Earliest Uses of Function Symbols


The function symbol f(x) was first used by Leonhard Euler (1707-1783) in 1734 in Commentarii Academiae Scientiarum Petropolitanae (Cajori, vol. 2, page 268).

Absolute value function. Karl Weierstrass (1815-1897) used | | in an 1841 essay "Zur Theorie der Potenzreihen," in which the symbol appears on page 67. He also used the symbol in 1859 in "Neuer Beweis des Fundamentalsatzes der Algebra," in which the symbol appears on page 252. This latter essay was submitted to the Berlin Academy of Sciences on December 12, 1859. These are the two reference shown by Cajori (vol. 2, page 123).

Cajori says that the first essay was not printed at the time, and Julio González Cabillón believes neither paper was published until 1894, "when the welcome Erster Band [vol. I] of Karl Weierstrass "Mathematische Werke" [Berlin: Mayer & Mueller], saw the light. I do not know to what extent the editors could have interfered with Weierstrass manuscripts. In both papers the notation under discussion does not appear with a definition or with a further comment; thus I am speculating that their subsequent published typesetting might differ from that of Weierstrass original."

The memoir "Zur Theorie der eindeutigen analytischen Functionen," which appeared in Abhandlungen der Koeniglich Akademie der Wissenschaften [pp. 11-60, Berlin 1876, and was reprinted in Zweiter Band (volume II) of Weierstrass "Mathematische Werke" (1895)] has a footnote on page 78 in which Weierstrass remarks:
Ich bezeichne den absoluten Betrag einer complexen Groesse x mit |x|. [I denote the absolute value of complex number x by |x|]
In this memoir, Weierstrass applied the absolute value symbolism to complex numbers.

Beta function. The use of β (for the function created by Euler) was introduced by Jacques P. M. Binet (1786-1856) in 1839 (Cajori, vol. 2, page 272).

Julio González Cabillón says the capital letter B is a common one in the Greek and Latin alphabets. If, after Legendre, the second Eulerian integral was known as the Gamma function, why Binet could not choose the initial of his name to denote the first Eulerian integral (Beta function), conventionally written as B(p,q).

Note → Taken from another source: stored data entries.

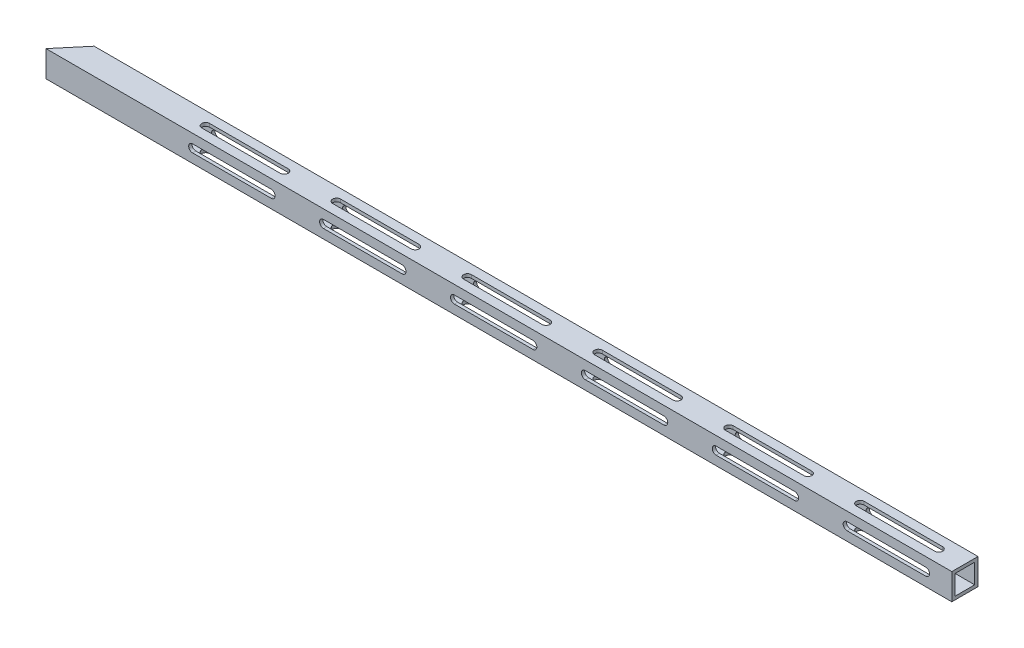
SolidWorks part; units mm, degrees
material "Plain Carbon Steel"
ref_plane "Front Plane" through (0, 0, 0) normal (0, 0, 1) x (1, 0, 0)
ref_plane "Top Plane" through (0, 0, 0) normal (0, 1, 0) x (1, 0, 0)
ref_plane "Right Plane" through (0, 0, 0) normal (1, 0, 0) x (0, 0, -1)
sketch "Sketch1" plane through (0, 0, 0) normal (1, 0, 0) x (0, 0, -1)
  line L0 (4.7625, 4.7625) -> (-4.7625, 4.7625)
  line L1 (6.35, 6.35) -> (-6.35, 6.35)
  line L2 (6.35, 6.35) -> (6.35, -6.35)
  line L3 (6.35, -6.35) -> (-6.35, -6.35)
  line L4 (-6.35, 6.35) -> (-6.35, -6.35)
  line L5 (6.35, 6.35) -> (-6.35, -6.35) construction
  line L6 (6.35, -6.35) -> (-6.35, 6.35) construction
  line L7 (-4.7625, 4.7625) -> (-4.7625, -4.7625)
  line L8 (4.7625, -4.7625) -> (-4.7625, -4.7625)
  line L9 (4.7625, 4.7625) -> (4.7625, -4.7625)
  dimension "D1" = 12.7
  dimension "D2" = 12.7
  dimension "D3" = 1.5875
extrude "Boss-Extrude1" add sketch "Sketch1" against normal blind 185.42 and the other way blind 254
sketch "Sketch2" plane through (0, 0, 0) normal (0, 1, 0) x (1, 0, 0)
  line L0 (-185.42, -6.35) -> (-135.9836, 52.566) construction
  line L1 (-185.42, -6.35) -> (-174.2505, 6.9613)
  line L2 (-185.42, -6.35) -> (-194.2478, 1.0574)
  line L3 (-174.2505, 6.9613) -> (-183.0782, 14.3687)
  line L4 (-194.2478, 1.0574) -> (-183.0782, 14.3687)
extrude "Cut-Extrude1" cut sketch "Sketch2" against normal through all and the other way through all
sketch "Sketch3" plane through (0, 6.35, 0) normal (0, 1, 0) x (1, 0, 0)
  line L0 (-114.3, 0) -> (-76.2, 0) construction
  line L1 (-114.3, 1.905) -> (-76.2, 1.905)
  line L2 (-114.3, -1.905) -> (-76.2, -1.905)
  line L3 (-50.8, 0) -> (-12.7, 0) construction
  line L6 (-50.8, 1.905) -> (-12.7, 1.905)
  line L9 (-50.8, -1.905) -> (-12.7, -1.905)
  line L10 (12.7, 0) -> (50.8, 0) construction
  line L11 (12.7, 1.905) -> (50.8, 1.905)
  line L12 (12.7, -1.905) -> (50.8, -1.905)
  line L13 (76.2, 0) -> (114.3, 0) construction
  line L14 (76.2, 1.905) -> (114.3, 1.905)
  line L15 (76.2, -1.905) -> (114.3, -1.905)
  line L16 (139.7, 0) -> (177.8, 0) construction
  line L17 (139.7, 1.905) -> (177.8, 1.905)
  line L18 (139.7, -1.905) -> (177.8, -1.905)
  line L19 (203.2, 0) -> (241.3, 0) construction
  line L20 (203.2, 1.905) -> (241.3, 1.905)
  line L21 (203.2, -1.905) -> (241.3, -1.905)
  line L22 (254, 6.35) -> (254, -6.35) construction
  arc A0 (-114.3, 1.905) -> (-114.3, -1.905) centre (-114.3, 0) ccw
  arc A1 (-76.2, -1.905) -> (-76.2, 1.905) centre (-76.2, 0) ccw
  arc A2 (-50.8, 1.905) -> (-50.8, -1.905) centre (-50.8, 0) ccw
  arc A3 (-12.7, -1.905) -> (-12.7, 1.905) centre (-12.7, 0) ccw
  arc A4 (12.7, 1.905) -> (12.7, -1.905) centre (12.7, 0) ccw
  arc A5 (50.8, -1.905) -> (50.8, 1.905) centre (50.8, 0) ccw
  arc A6 (76.2, 1.905) -> (76.2, -1.905) centre (76.2, 0) ccw
  arc A7 (114.3, -1.905) -> (114.3, 1.905) centre (114.3, 0) ccw
  arc A8 (139.7, 1.905) -> (139.7, -1.905) centre (139.7, 0) ccw
  arc A9 (177.8, -1.905) -> (177.8, 1.905) centre (177.8, 0) ccw
  arc A10 (203.2, 1.905) -> (203.2, -1.905) centre (203.2, 0) ccw
  arc A11 (241.3, -1.905) -> (241.3, 1.905) centre (241.3, 0) ccw
  point P3 (-95.25, 0)
  point P10 (-31.75, 0)
  point P17 (31.75, 0)
  point P24 (95.25, 0)
  point P31 (158.75, 0)
  point P38 (222.25, 0)
  dimension "D1" = 38.1
  dimension "D2" = 3.81
  dimension "D3" = 38.1
  dimension "D4" = 3.81
  dimension "D5" = 38.1
  dimension "D6" = 3.81
  dimension "D7" = 25.4
  dimension "D8" = 25.4
  dimension "D9" = 38.1
  dimension "D10" = 3.81
  dimension "D11" = 38.1
  dimension "D12" = 3.81
  dimension "D13" = 38.1
  dimension "D14" = 3.81
  dimension "D15" = 25.4
  dimension "D16" = 25.4
  dimension "D17" = 25.4
  dimension "D18" = 12.7
extrude "Cut-Extrude2" cut sketch "Sketch3" against normal through all
sketch "Sketch4" plane through (0, 0, 6.35) normal (0, 0, 1) x (1, 0, 0)
  line L0 (-114.3, 0) -> (-76.2, 0) construction
  line L1 (-114.3, 1.905) -> (-76.2, 1.905)
  line L2 (-114.3, -1.905) -> (-76.2, -1.905)
  line L3 (-50.8, 0) -> (-12.7, 0) construction
  line L4 (-50.8, 1.905) -> (-12.7, 1.905)
  line L5 (-50.8, -1.905) -> (-12.7, -1.905)
  line L6 (12.7, 0) -> (50.8, 0) construction
  line L7 (12.7, 1.905) -> (50.8, 1.905)
  line L8 (12.7, -1.905) -> (50.8, -1.905)
  line L9 (76.2, 0) -> (114.3, 0) construction
  line L10 (76.2, 1.905) -> (114.3, 1.905)
  line L11 (76.2, -1.905) -> (114.3, -1.905)
  line L12 (139.7, 0) -> (177.8, 0) construction
  line L13 (139.7, 1.905) -> (177.8, 1.905)
  line L14 (139.7, -1.905) -> (177.8, -1.905)
  line L15 (203.2, 0) -> (241.3, 0) construction
  line L16 (203.2, 1.905) -> (241.3, 1.905)
  line L17 (203.2, -1.905) -> (241.3, -1.905)
  line L18 (254, 6.35) -> (254, -6.35) construction
  arc A0 (-114.3, 1.905) -> (-114.3, -1.905) centre (-114.3, 0) ccw
  arc A1 (-76.2, -1.905) -> (-76.2, 1.905) centre (-76.2, 0) ccw
  arc A2 (-50.8, 1.905) -> (-50.8, -1.905) centre (-50.8, 0) ccw
  arc A3 (-12.7, -1.905) -> (-12.7, 1.905) centre (-12.7, 0) ccw
  arc A4 (12.7, 1.905) -> (12.7, -1.905) centre (12.7, 0) ccw
  arc A5 (50.8, -1.905) -> (50.8, 1.905) centre (50.8, 0) ccw
  arc A6 (76.2, 1.905) -> (76.2, -1.905) centre (76.2, 0) ccw
  arc A7 (114.3, -1.905) -> (114.3, 1.905) centre (114.3, 0) ccw
  arc A8 (139.7, 1.905) -> (139.7, -1.905) centre (139.7, 0) ccw
  arc A9 (177.8, -1.905) -> (177.8, 1.905) centre (177.8, 0) ccw
  arc A10 (203.2, 1.905) -> (203.2, -1.905) centre (203.2, 0) ccw
  arc A11 (241.3, -1.905) -> (241.3, 1.905) centre (241.3, 0) ccw
  point P3 (-95.25, 0)
  point P8 (-31.75, 0)
  point P15 (31.75, 0)
  point P22 (95.25, 0)
  point P29 (158.75, 0)
  point P36 (222.25, 0)
  point P43 (254, 0)
  dimension "D1" = 38.1
  dimension "D2" = 3.81
  dimension "D3" = 12.7
  dimension "D4" = 25.4
  dimension "D5" = 25.4
  dimension "D6" = 25.4
  dimension "D7" = 25.4
  dimension "D8" = 25.4
extrude "Cut-Extrude3" cut sketch "Sketch4" against normal through all

The citation: "Memoire sur les intégrales définies euleriennes, et sur leur application a la theorie des suites, ansi qu'a l'evaluation des fonctions des grands nombres," Journal de L'Ecole Royale Polytéchnique, Tome XVI, pp. 123-343, Paris, 1839.

On page 131 of his "Memoire...", Binet states:
Je designerai la premiere de ces fonctions par B(p,q), et pour la seconde j'adoptarai la notacion Gamma(p) proposee par M. Legendre.
See also BETA and GAMMA FUNCTIONS on the math words page.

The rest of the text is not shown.